4. The planar antenna array of claim 2 wherein the active element is a dipole and includes:
a radiator having an effective length of an odd multiple of a quarter-wavelength at a first frequency responsive to connecting a radiator MEMS and an effective length of an odd multiple of a quarter-wavelength at a second frequency responsive to disconnecting the radiator MEMS; and,
a counterpoise having an effective length of an odd multiple of a quarter-wavelength at the first frequency responsive to connecting a counterpoise MEMS and an effective length of an odd multiple of a quarter-wavelength at a second frequency responsive to disconnecting the counterpoise MEMS; and,
wherein each parasitic element has an effective length of an odd multiple of a half-wavelength at the first frequency responsive to connecting their corresponding MEMS and an effective length of an odd multiple of a half-wavelength odd multiple length at a second frequency responsive to disconnecting their corresponding MEMS.
5. The planar antenna array of claim 2 wherein the active element is a monopole and include:
a radiator having an effective length of an odd multiple of a quarter-wavelength at a first frequency responsive to connecting a radiator MEMS and an effective length of an odd multiple of a quarter-wavelength at a second frequency responsive to disconnecting the radiator MEMS; and,
a planar counterpoise groundplane; and,
wherein the parasitic elements are connected to the counterpoise and have an effective length of an odd multiple of a quarter-wavelength at the first frequency in response to connecting their corresponding MEMS and an effective length of an odd multiple of a quarter-wavelength at a second frequency responsive to disconnecting their corresponding MEMS.
6. The planar antenna array of claim 2 wherein the active element is a dipole and includes:
a radiator having an effective length of an odd multiple of a quarter-wavelength at a first plurality of frequencies in response to connecting a second plurality of radiator MEMSs; and,
a counterpoise having an effective length of an odd multiple of a quarter-wavelength at the first plurality of frequencies in response to connecting a second plurality of counterpoise MEMSs;
wherein each parasitic element has an effective length of an odd multiple of a half-wavelength at the first plurality of frequencies in response to connecting their corresponding second plurality of MEMS.

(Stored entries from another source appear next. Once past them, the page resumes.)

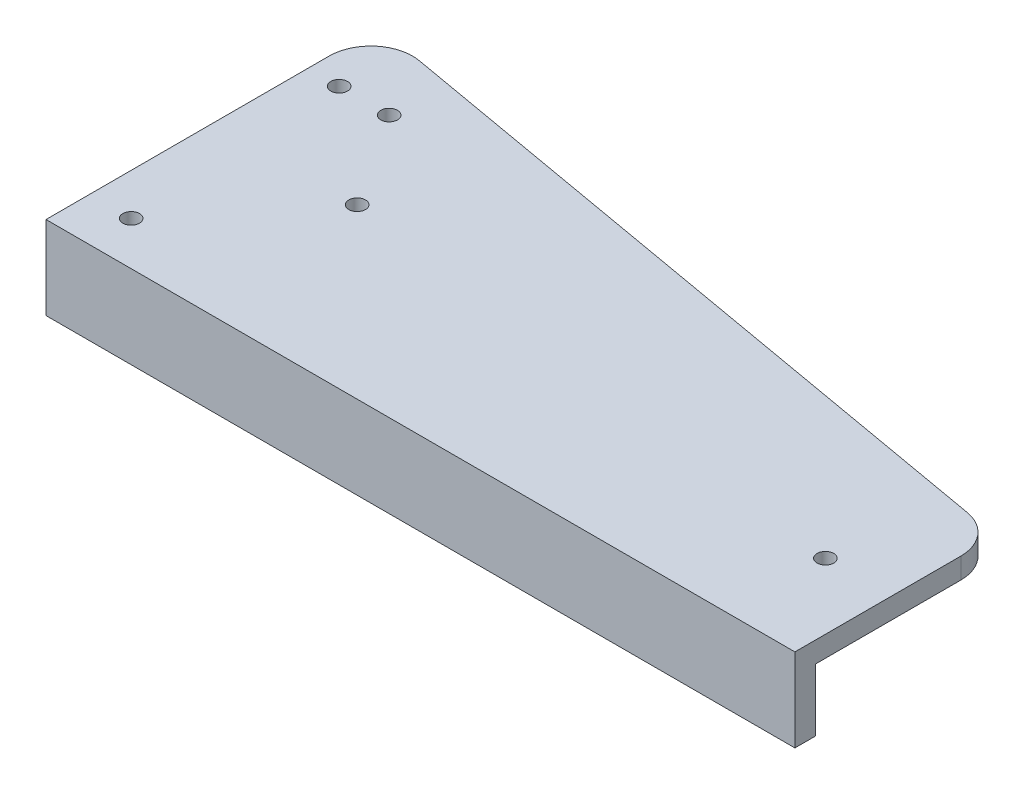
ISO-10303-21;
HEADER;
FILE_DESCRIPTION(('STEP AP214'),'2;1');
FILE_NAME('part.step','',(''),(''),'','','');
FILE_SCHEMA(('AUTOMOTIVE_DESIGN { 1 0 10303 214 1 1 1 1 }'));
ENDSEC;
DATA;
#1=APPLICATION_CONTEXT('core data for automotive mechanical design processes');
#2=APPLICATION_PROTOCOL_DEFINITION('international standard','automotive_design',2000,#1);
#3=PRODUCT_CONTEXT('',#1,'mechanical');
#4=PRODUCT('Part','Part','',(#3));
#5=PRODUCT_RELATED_PRODUCT_CATEGORY('part','',(#4));
#6=PRODUCT_DEFINITION_FORMATION('','',#4);
#7=PRODUCT_DEFINITION_CONTEXT('part definition',#1,'design');
#8=PRODUCT_DEFINITION('design','',#6,#7);
#9=PRODUCT_DEFINITION_SHAPE('','',#8);
#10=(LENGTH_UNIT() NAMED_UNIT(*) SI_UNIT(.MILLI.,.METRE.));
#11=(NAMED_UNIT(*) PLANE_ANGLE_UNIT() SI_UNIT($,.RADIAN.));
#12=(NAMED_UNIT(*) SI_UNIT($,.STERADIAN.) SOLID_ANGLE_UNIT());
#13=UNCERTAINTY_MEASURE_WITH_UNIT(LENGTH_MEASURE(1.E-05),#10,'distance_accuracy_value','');
#14=(GEOMETRIC_REPRESENTATION_CONTEXT(3) GLOBAL_UNCERTAINTY_ASSIGNED_CONTEXT((#13)) GLOBAL_UNIT_ASSIGNED_CONTEXT((#10,
#11,#12)) REPRESENTATION_CONTEXT('',''));
#15=CARTESIAN_POINT('',(0.,0.,0.));
#16=DIRECTION('',(0.,0.,1.));
#17=DIRECTION('',(1.,0.,0.));
#18=AXIS2_PLACEMENT_3D('',#15,#16,#17);
#19=CARTESIAN_POINT('',(0.,0.,0.));
#20=DIRECTION('',(0.,1.,0.));
#21=DIRECTION('',(0.,0.,1.));
#22=AXIS2_PLACEMENT_3D('',#19,#20,#21);
#23=PLANE('',#22);
#24=CARTESIAN_POINT('',(-34.0680960469009,0.,-28.575));
#25=DIRECTION('',(0.,1.,0.));
#26=DIRECTION('',(0.,0.,1.));
#27=AXIS2_PLACEMENT_3D('',#24,#25,#26);
#28=CIRCLE('',#27,2.5527);
#29=CARTESIAN_POINT('',(-34.0680960469009,0.,-26.0223));
#30=VERTEX_POINT('',#29);
#31=EDGE_CURVE('E183',#30,#30,#28,.T.);
#32=ORIENTED_EDGE('',*,*,#31,.T.);
#33=EDGE_LOOP('',(#32));
#34=FACE_BOUND('',#33,.T.);
#35=CARTESIAN_POINT('',(-18.8280960469009,0.,-28.575));
#36=DIRECTION('',(0.,1.,0.));
#37=DIRECTION('',(0.,0.,1.));
#38=AXIS2_PLACEMENT_3D('',#35,#36,#37);
#39=CIRCLE('',#38,2.5527);
#40=CARTESIAN_POINT('',(-18.8280960469009,0.,-26.0223));
#41=VERTEX_POINT('',#40);
#42=EDGE_CURVE('E151',#41,#41,#39,.T.);
#43=ORIENTED_EDGE('',*,*,#42,.T.);
#44=EDGE_LOOP('',(#43));
#45=FACE_BOUND('',#44,.T.);
#46=CARTESIAN_POINT('',(0.,0.,0.));
#47=DIRECTION('',(0.,1.,0.));
#48=DIRECTION('',(0.,0.,1.));
#49=AXIS2_PLACEMENT_3D('',#46,#47,#48);
#50=CIRCLE('',#49,2.5527);
#51=CARTESIAN_POINT('',(0.,0.,2.5527));
#52=VERTEX_POINT('',#51);
#53=EDGE_CURVE('E146',#52,#52,#50,.T.);
#54=ORIENTED_EDGE('',*,*,#53,.T.);
#55=EDGE_LOOP('',(#54));
#56=FACE_BOUND('',#55,.T.);
#57=CARTESIAN_POINT('',(-30.8930960469009,0.,38.1));
#58=DIRECTION('',(0.,1.,0.));
#59=DIRECTION('',(0.,0.,1.));
#60=AXIS2_PLACEMENT_3D('',#57,#58,#59);
#61=CIRCLE('',#60,2.5527);
#62=CARTESIAN_POINT('',(-30.8930960469009,0.,40.6527));
#63=VERTEX_POINT('',#62);
#64=EDGE_CURVE('E195',#63,#63,#61,.T.);
#65=ORIENTED_EDGE('',*,*,#64,.T.);
#66=EDGE_LOOP('',(#65));
#67=FACE_BOUND('',#66,.T.);
#68=CARTESIAN_POINT('',(164.907701135125,0.,21.9875101453017));
#69=DIRECTION('',(0.,1.,0.));
#70=DIRECTION('',(0.,0.,1.));
#71=AXIS2_PLACEMENT_3D('',#68,#69,#70);
#72=CIRCLE('',#71,2.55269999999999);
#73=CARTESIAN_POINT('',(164.907701135125,0.,24.5402101453017));
#74=VERTEX_POINT('',#73);
#75=EDGE_CURVE('E201',#74,#74,#72,.T.);
#76=ORIENTED_EDGE('',*,*,#75,.T.);
#77=EDGE_LOOP('',(#76));
#78=FACE_BOUND('',#77,.T.);
#79=DIRECTION('',(0.,0.,1.));
#80=VECTOR('',#79,1.);
#81=CARTESIAN_POINT('',(-43.5930960469009,0.,-50.2022855012514));
#82=LINE('',#81,#80);
#83=CARTESIAN_POINT('',(-43.5930960469009,0.,-35.067014875305));
#84=VERTEX_POINT('',#83);
#85=CARTESIAN_POINT('',(-43.5930960469009,0.,45.0477144987486));
#86=VERTEX_POINT('',#85);
#87=EDGE_CURVE('E125',#84,#86,#82,.T.);
#88=ORIENTED_EDGE('',*,*,#87,.F.);
#89=CARTESIAN_POINT('',(-30.8930960469009,0.,-35.067014875305));
#90=DIRECTION('',(0.,1.,0.));
#91=DIRECTION('',(0.,0.,1.));
#92=AXIS2_PLACEMENT_3D('',#89,#90,#91);
#93=CIRCLE('',#92,12.7);
#94=CARTESIAN_POINT('',(-28.687764190531,0.,-47.5740733385601));
#95=VERTEX_POINT('',#94);
#96=EDGE_CURVE('E158',#84,#95,#93,.F.);
#97=ORIENTED_EDGE('',*,*,#96,.T.);
#98=DIRECTION('',(0.984807753012209,0.,0.173648177666923));
#99=VECTOR('',#98,1.);
#100=CARTESIAN_POINT('',(7.27060375399845,0.,-41.2336428876974));
#101=LINE('',#100,#99);
#102=CARTESIAN_POINT('',(174.512235809469,0.,-11.7444308586015));
#103=VERTEX_POINT('',#102);
#104=EDGE_CURVE('E176',#95,#103,#101,.T.);
#105=ORIENTED_EDGE('',*,*,#104,.T.);
#106=CARTESIAN_POINT('',(172.306903953099,0.,0.762627604653579));
#107=DIRECTION('',(0.,1.,0.));
#108=DIRECTION('',(0.,0.,1.));
#109=AXIS2_PLACEMENT_3D('',#106,#107,#108);
#110=CIRCLE('',#109,12.7);
#111=CARTESIAN_POINT('',(185.006903953099,0.,0.762627604653579));
#112=VERTEX_POINT('',#111);
#113=EDGE_CURVE('E156',#103,#112,#110,.F.);
#114=ORIENTED_EDGE('',*,*,#113,.T.);
#115=DIRECTION('',(0.,0.,-1.));
#116=VECTOR('',#115,1.);
#117=CARTESIAN_POINT('',(185.006903953099,0.,-50.2022855012514));
#118=LINE('',#117,#116);
#119=CARTESIAN_POINT('',(185.006903953099,0.,45.0477144987486));
#120=VERTEX_POINT('',#119);
#121=EDGE_CURVE('E128',#120,#112,#118,.T.);
#122=ORIENTED_EDGE('',*,*,#121,.F.);
#123=DIRECTION('',(1.,0.,0.));
#124=VECTOR('',#123,1.);
#125=CARTESIAN_POINT('',(-43.5930960469009,0.,45.0477144987486));
#126=LINE('',#125,#124);
#127=EDGE_CURVE('E119',#86,#120,#126,.T.);
#128=ORIENTED_EDGE('',*,*,#127,.F.);
#129=EDGE_LOOP('',(#88,#97,#105,#114,#122,#128));
#130=FACE_BOUND('',#129,.T.);
#131=ADVANCED_FACE('F33',(#34,#45,#56,#67,#78,#130),#23,.F.);
#132=CARTESIAN_POINT('',(-43.5930960469009,6.35,-50.2022855012514));
#133=DIRECTION('',(1.,0.,0.));
#134=DIRECTION('',(0.,0.,-1.));
#135=AXIS2_PLACEMENT_3D('',#132,#133,#134);
#136=PLANE('',#135);
#137=DIRECTION('',(0.,0.,1.));
#138=VECTOR('',#137,1.);
#139=CARTESIAN_POINT('',(-43.5930960469009,6.35,-50.2022855012514));
#140=LINE('',#139,#138);
#141=CARTESIAN_POINT('',(-43.5930960469009,6.35,-35.067014875305));
#142=VERTEX_POINT('',#141);
#143=CARTESIAN_POINT('',(-43.5930960469009,6.35,51.3977144987486));
#144=VERTEX_POINT('',#143);
#145=EDGE_CURVE('E133',#142,#144,#140,.T.);
#146=ORIENTED_EDGE('',*,*,#145,.F.);
#147=DIRECTION('',(0.,-1.,0.));
#148=VECTOR('',#147,1.);
#149=CARTESIAN_POINT('',(-43.5930960469009,6.35,-35.067014875305));
#150=LINE('',#149,#148);
#151=EDGE_CURVE('E145',#142,#84,#150,.T.);
#152=ORIENTED_EDGE('',*,*,#151,.T.);
#153=ORIENTED_EDGE('',*,*,#87,.T.);
#154=DIRECTION('',(0.,1.,0.));
#155=VECTOR('',#154,1.);
#156=CARTESIAN_POINT('',(-43.5930960469009,-19.05,45.0477144987486));
#157=LINE('',#156,#155);
#158=CARTESIAN_POINT('',(-43.5930960469009,-19.05,45.0477144987486));
#159=VERTEX_POINT('',#158);
#160=EDGE_CURVE('E103',#159,#86,#157,.T.);
#161=ORIENTED_EDGE('',*,*,#160,.F.);
#162=DIRECTION('',(0.,0.,-1.));
#163=VECTOR('',#162,1.);
#164=CARTESIAN_POINT('',(-43.5930960469009,-19.05,51.3977144987486));
#165=LINE('',#164,#163);
#166=CARTESIAN_POINT('',(-43.5930960469009,-19.05,51.3977144987486));
#167=VERTEX_POINT('',#166);
#168=EDGE_CURVE('E110',#167,#159,#165,.T.);
#169=ORIENTED_EDGE('',*,*,#168,.F.);
#170=DIRECTION('',(0.,-1.,0.));
#171=VECTOR('',#170,1.);
#172=CARTESIAN_POINT('',(-43.5930960469009,6.35,51.3977144987486));
#173=LINE('',#172,#171);
#174=EDGE_CURVE('E143',#144,#167,#173,.T.);
#175=ORIENTED_EDGE('',*,*,#174,.F.);
#176=EDGE_LOOP('',(#146,#152,#153,#161,#169,#175));
#177=FACE_BOUND('',#176,.T.);
#178=ADVANCED_FACE('F122',(#177),#136,.F.);
#179=CARTESIAN_POINT('',(-43.5930960469009,6.35,51.3977144987486));
#180=DIRECTION('',(0.,0.,-1.));
#181=DIRECTION('',(-1.,0.,0.));
#182=AXIS2_PLACEMENT_3D('',#179,#180,#181);
#183=PLANE('',#182);
#184=ORIENTED_EDGE('',*,*,#174,.T.);
#185=DIRECTION('',(-1.,0.,0.));
#186=VECTOR('',#185,1.);
#187=CARTESIAN_POINT('',(-43.5930960469009,-19.05,51.3977144987486));
#188=LINE('',#187,#186);
#189=CARTESIAN_POINT('',(185.006903953099,-19.05,51.3977144987486));
#190=VERTEX_POINT('',#189);
#191=EDGE_CURVE('E116',#190,#167,#188,.T.);
#192=ORIENTED_EDGE('',*,*,#191,.F.);
#193=DIRECTION('',(0.,-1.,0.));
#194=VECTOR('',#193,1.);
#195=CARTESIAN_POINT('',(185.006903953099,6.35,51.3977144987486));
#196=LINE('',#195,#194);
#197=CARTESIAN_POINT('',(185.006903953099,6.35,51.3977144987486));
#198=VERTEX_POINT('',#197);
#199=EDGE_CURVE('E138',#198,#190,#196,.T.);
#200=ORIENTED_EDGE('',*,*,#199,.F.);
#201=DIRECTION('',(1.,0.,0.));
#202=VECTOR('',#201,1.);
#203=CARTESIAN_POINT('',(-43.5930960469009,6.35,51.3977144987486));
#204=LINE('',#203,#202);
#205=EDGE_CURVE('E135',#144,#198,#204,.T.);
#206=ORIENTED_EDGE('',*,*,#205,.F.);
#207=EDGE_LOOP('',(#184,#192,#200,#206));
#208=FACE_BOUND('',#207,.T.);
#209=ADVANCED_FACE('F210',(#208),#183,.F.);
#210=CARTESIAN_POINT('',(185.006903953099,6.35,-50.2022855012514));
#211=DIRECTION('',(-1.,0.,0.));
#212=DIRECTION('',(0.,0.,1.));
#213=AXIS2_PLACEMENT_3D('',#210,#211,#212);
#214=PLANE('',#213);
#215=ORIENTED_EDGE('',*,*,#121,.T.);
#216=DIRECTION('',(0.,1.,0.));
#217=VECTOR('',#216,1.);
#218=CARTESIAN_POINT('',(185.006903953099,6.35,0.762627604653579));
#219=LINE('',#218,#217);
#220=CARTESIAN_POINT('',(185.006903953099,6.35,0.762627604653579));
#221=VERTEX_POINT('',#220);
#222=EDGE_CURVE('E11',#112,#221,#219,.T.);
#223=ORIENTED_EDGE('',*,*,#222,.T.);
#224=DIRECTION('',(0.,0.,-1.));
#225=VECTOR('',#224,1.);
#226=CARTESIAN_POINT('',(185.006903953099,6.35,-50.2022855012514));
#227=LINE('',#226,#225);
#228=EDGE_CURVE('E137',#198,#221,#227,.T.);
#229=ORIENTED_EDGE('',*,*,#228,.F.);
#230=ORIENTED_EDGE('',*,*,#199,.T.);
#231=DIRECTION('',(0.,0.,1.));
#232=VECTOR('',#231,1.);
#233=CARTESIAN_POINT('',(185.006903953099,-19.05,51.3977144987486));
#234=LINE('',#233,#232);
#235=CARTESIAN_POINT('',(185.006903953099,-19.05,45.0477144987486));
#236=VERTEX_POINT('',#235);
#237=EDGE_CURVE('E109',#236,#190,#234,.T.);
#238=ORIENTED_EDGE('',*,*,#237,.F.);
#239=DIRECTION('',(0.,1.,0.));
#240=VECTOR('',#239,1.);
#241=CARTESIAN_POINT('',(185.006903953099,-19.05,45.0477144987486));
#242=LINE('',#241,#240);
#243=EDGE_CURVE('E105',#236,#120,#242,.T.);
#244=ORIENTED_EDGE('',*,*,#243,.T.);
#245=EDGE_LOOP('',(#215,#223,#229,#230,#238,#244));
#246=FACE_BOUND('',#245,.T.);
#247=ADVANCED_FACE('F206',(#246),#214,.F.);
#248=CARTESIAN_POINT('',(0.,6.35,0.));
#249=DIRECTION('',(0.,1.,0.));
#250=DIRECTION('',(0.,0.,1.));
#251=AXIS2_PLACEMENT_3D('',#248,#249,#250);
#252=PLANE('',#251);
#253=DIRECTION('',(0.984807753012209,0.,0.173648177666923));
#254=VECTOR('',#253,1.);
#255=CARTESIAN_POINT('',(-43.5930960469009,6.35,-50.2022855012514));
#256=LINE('',#255,#254);
#257=CARTESIAN_POINT('',(-28.687764190531,6.35,-47.5740733385601));
#258=VERTEX_POINT('',#257);
#259=CARTESIAN_POINT('',(174.512235809469,6.35,-11.7444308586015));
#260=VERTEX_POINT('',#259);
#261=EDGE_CURVE('E168',#258,#260,#256,.T.);
#262=ORIENTED_EDGE('',*,*,#261,.F.);
#263=CARTESIAN_POINT('',(-30.8930960469009,6.35,-35.067014875305));
#264=DIRECTION('',(0.,1.,0.));
#265=DIRECTION('',(0.,0.,1.));
#266=AXIS2_PLACEMENT_3D('',#263,#264,#265);
#267=CIRCLE('',#266,12.7);
#268=EDGE_CURVE('E41',#258,#142,#267,.T.);
#269=ORIENTED_EDGE('',*,*,#268,.T.);
#270=ORIENTED_EDGE('',*,*,#145,.T.);
#271=ORIENTED_EDGE('',*,*,#205,.T.);
#272=ORIENTED_EDGE('',*,*,#228,.T.);
#273=CARTESIAN_POINT('',(172.306903953099,6.35,0.762627604653579));
#274=DIRECTION('',(0.,1.,0.));
#275=DIRECTION('',(0.,0.,1.));
#276=AXIS2_PLACEMENT_3D('',#273,#274,#275);
#277=CIRCLE('',#276,12.7);
#278=EDGE_CURVE('E48',#221,#260,#277,.T.);
#279=ORIENTED_EDGE('',*,*,#278,.T.);
#280=EDGE_LOOP('',(#262,#269,#270,#271,#272,#279));
#281=FACE_BOUND('',#280,.T.);
#282=CARTESIAN_POINT('',(-34.0680960469009,6.35,-28.575));
#283=DIRECTION('',(0.,1.,0.));
#284=DIRECTION('',(0.,0.,1.));
#285=AXIS2_PLACEMENT_3D('',#282,#283,#284);
#286=CIRCLE('',#285,2.5527);
#287=CARTESIAN_POINT('',(-34.0680960469009,6.35,-26.0223));
#288=VERTEX_POINT('',#287);
#289=EDGE_CURVE('E180',#288,#288,#286,.T.);
#290=ORIENTED_EDGE('',*,*,#289,.F.);
#291=EDGE_LOOP('',(#290));
#292=FACE_BOUND('',#291,.T.);
#293=CARTESIAN_POINT('',(-18.8280960469009,6.35,-28.575));
#294=DIRECTION('',(0.,1.,0.));
#295=DIRECTION('',(0.,0.,1.));
#296=AXIS2_PLACEMENT_3D('',#293,#294,#295);
#297=CIRCLE('',#296,2.5527);
#298=CARTESIAN_POINT('',(-18.8280960469009,6.35,-26.0223));
#299=VERTEX_POINT('',#298);
#300=EDGE_CURVE('E154',#299,#299,#297,.T.);
#301=ORIENTED_EDGE('',*,*,#300,.F.);
#302=EDGE_LOOP('',(#301));
#303=FACE_BOUND('',#302,.T.);
#304=CARTESIAN_POINT('',(0.,6.35,0.));
#305=DIRECTION('',(0.,1.,0.));
#306=DIRECTION('',(0.,0.,1.));
#307=AXIS2_PLACEMENT_3D('',#304,#305,#306);
#308=CIRCLE('',#307,2.5527);
#309=CARTESIAN_POINT('',(0.,6.35,2.5527));
#310=VERTEX_POINT('',#309);
#311=EDGE_CURVE('E150',#310,#310,#308,.T.);
#312=ORIENTED_EDGE('',*,*,#311,.F.);
#313=EDGE_LOOP('',(#312));
#314=FACE_BOUND('',#313,.T.);
#315=CARTESIAN_POINT('',(-30.8930960469009,6.35,38.1));
#316=DIRECTION('',(0.,1.,0.));
#317=DIRECTION('',(0.,0.,1.));
#318=AXIS2_PLACEMENT_3D('',#315,#316,#317);
#319=CIRCLE('',#318,2.5527);
#320=CARTESIAN_POINT('',(-30.8930960469009,6.35,40.6527));
#321=VERTEX_POINT('',#320);
#322=EDGE_CURVE('E149',#321,#321,#319,.T.);
#323=ORIENTED_EDGE('',*,*,#322,.F.);
#324=EDGE_LOOP('',(#323));
#325=FACE_BOUND('',#324,.T.);
#326=CARTESIAN_POINT('',(164.907701135125,6.35,21.9875101453017));
#327=DIRECTION('',(0.,1.,0.));
#328=DIRECTION('',(0.,0.,1.));
#329=AXIS2_PLACEMENT_3D('',#326,#327,#328);
#330=CIRCLE('',#329,2.55269999999999);
#331=CARTESIAN_POINT('',(164.907701135125,6.35,24.5402101453017));
#332=VERTEX_POINT('',#331);
#333=EDGE_CURVE('E198',#332,#332,#330,.T.);
#334=ORIENTED_EDGE('',*,*,#333,.F.);
#335=EDGE_LOOP('',(#334));
#336=FACE_BOUND('',#335,.T.);
#337=ADVANCED_FACE('F165',(#281,#292,#303,#314,#325,#336),#252,.T.);
#338=CARTESIAN_POINT('',(-43.5930960469009,-19.05,45.0477144987486));
#339=DIRECTION('',(0.,0.,1.));
#340=DIRECTION('',(1.,0.,0.));
#341=AXIS2_PLACEMENT_3D('',#338,#339,#340);
#342=PLANE('',#341);
#343=ORIENTED_EDGE('',*,*,#127,.T.);
#344=ORIENTED_EDGE('',*,*,#243,.F.);
#345=DIRECTION('',(1.,0.,0.));
#346=VECTOR('',#345,1.);
#347=CARTESIAN_POINT('',(-43.5930960469009,-19.05,45.0477144987486));
#348=LINE('',#347,#346);
#349=EDGE_CURVE('E98',#159,#236,#348,.T.);
#350=ORIENTED_EDGE('',*,*,#349,.F.);
#351=ORIENTED_EDGE('',*,*,#160,.T.);
#352=EDGE_LOOP('',(#343,#344,#350,#351));
#353=FACE_BOUND('',#352,.T.);
#354=ADVANCED_FACE('F101',(#353),#342,.F.);
#355=CARTESIAN_POINT('',(0.,-19.05,0.));
#356=DIRECTION('',(0.,-1.,0.));
#357=DIRECTION('',(0.,0.,-1.));
#358=AXIS2_PLACEMENT_3D('',#355,#356,#357);
#359=PLANE('',#358);
#360=ORIENTED_EDGE('',*,*,#168,.T.);
#361=ORIENTED_EDGE('',*,*,#349,.T.);
#362=ORIENTED_EDGE('',*,*,#237,.T.);
#363=ORIENTED_EDGE('',*,*,#191,.T.);
#364=EDGE_LOOP('',(#360,#361,#362,#363));
#365=FACE_BOUND('',#364,.T.);
#366=ADVANCED_FACE('F114',(#365),#359,.T.);
#367=CARTESIAN_POINT('',(164.907701135125,6.35,21.9875101453017));
#368=DIRECTION('',(0.,1.,0.));
#369=DIRECTION('',(0.,0.,1.));
#370=AXIS2_PLACEMENT_3D('',#367,#368,#369);
#371=CYLINDRICAL_SURFACE('',#370,2.55269999999999);
#372=ORIENTED_EDGE('',*,*,#333,.T.);
#373=EDGE_LOOP('',(#372));
#374=FACE_BOUND('',#373,.T.);
#375=ORIENTED_EDGE('',*,*,#75,.F.);
#376=EDGE_LOOP('',(#375));
#377=FACE_BOUND('',#376,.T.);
#378=ADVANCED_FACE('F254',(#374,#377),#371,.F.);
#379=CARTESIAN_POINT('',(-30.8930960469009,6.35,38.1));
#380=DIRECTION('',(0.,1.,0.));
#381=DIRECTION('',(0.,0.,1.));
#382=AXIS2_PLACEMENT_3D('',#379,#380,#381);
#383=CYLINDRICAL_SURFACE('',#382,2.5527);
#384=ORIENTED_EDGE('',*,*,#322,.T.);
#385=EDGE_LOOP('',(#384));
#386=FACE_BOUND('',#385,.T.);
#387=ORIENTED_EDGE('',*,*,#64,.F.);
#388=EDGE_LOOP('',(#387));
#389=FACE_BOUND('',#388,.T.);
#390=ADVANCED_FACE('F261',(#386,#389),#383,.F.);
#391=CARTESIAN_POINT('',(0.,6.35,0.));
#392=DIRECTION('',(0.,1.,0.));
#393=DIRECTION('',(0.,0.,1.));
#394=AXIS2_PLACEMENT_3D('',#391,#392,#393);
#395=CYLINDRICAL_SURFACE('',#394,2.5527);
#396=ORIENTED_EDGE('',*,*,#311,.T.);
#397=EDGE_LOOP('',(#396));
#398=FACE_BOUND('',#397,.T.);
#399=ORIENTED_EDGE('',*,*,#53,.F.);
#400=EDGE_LOOP('',(#399));
#401=FACE_BOUND('',#400,.T.);
#402=ADVANCED_FACE('F269',(#398,#401),#395,.F.);
#403=CARTESIAN_POINT('',(-18.8280960469009,6.35,-28.575));
#404=DIRECTION('',(0.,1.,0.));
#405=DIRECTION('',(0.,0.,1.));
#406=AXIS2_PLACEMENT_3D('',#403,#404,#405);
#407=CYLINDRICAL_SURFACE('',#406,2.5527);
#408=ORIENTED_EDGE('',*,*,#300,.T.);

7. The planar antenna array of claim 2 wherein the active element is a monopole and includes:
a radiator having an effective length of an odd multiple of a quarter-wavelength at a first plurality of frequencies in response to connecting a second plurality of radiator MEMSs; and,
a planar counterpoise groundplane; and,
wherein the parasitic elements are connected to the counterpoise and have an effective length of an odd multiple of a quarter-wavelength at the first plurality of frequencies in response to connecting their corresponding MEMS.
8. The planar antenna array of claim 1 wherein each MEMS includes:
a dielectric layer; and,
a conductive line, with a selectively connectable MEMS conductive section, formed overlying the dielectric layer.
9. The planar antenna array of claim 1 further comprising:
a planar counterpoise;
a dielectric layer overlying the counterpoise; and,
wherein the active element is a patch antenna overlying the dielectric layer.
10. The planar antenna array of claim 1 wherein the active element is an antenna selected from the group including dipole and monopole antennas.
11. The planar antenna array of claim 1 wherein the parasitic elements have a distance from the active element that is formed in response to selectively connecting MEMS in the field.
12. The planar antenna array of claim 1 wherein the parasitic elements have a position with respect to the active element that is formed in response to selectively connecting MEMS in the field.
13. The planar antenna array of claim 1 wherein the parasitic elements have a length that is formed in response to selectively connecting MEMS in the field.
14. The planar antenna array of claim 1 further comprising:
a plurality of conductive sections interposed between a plurality of MEMS; and,
wherein the parasitic elements are formed from a plurality of MEMS and conductive sections.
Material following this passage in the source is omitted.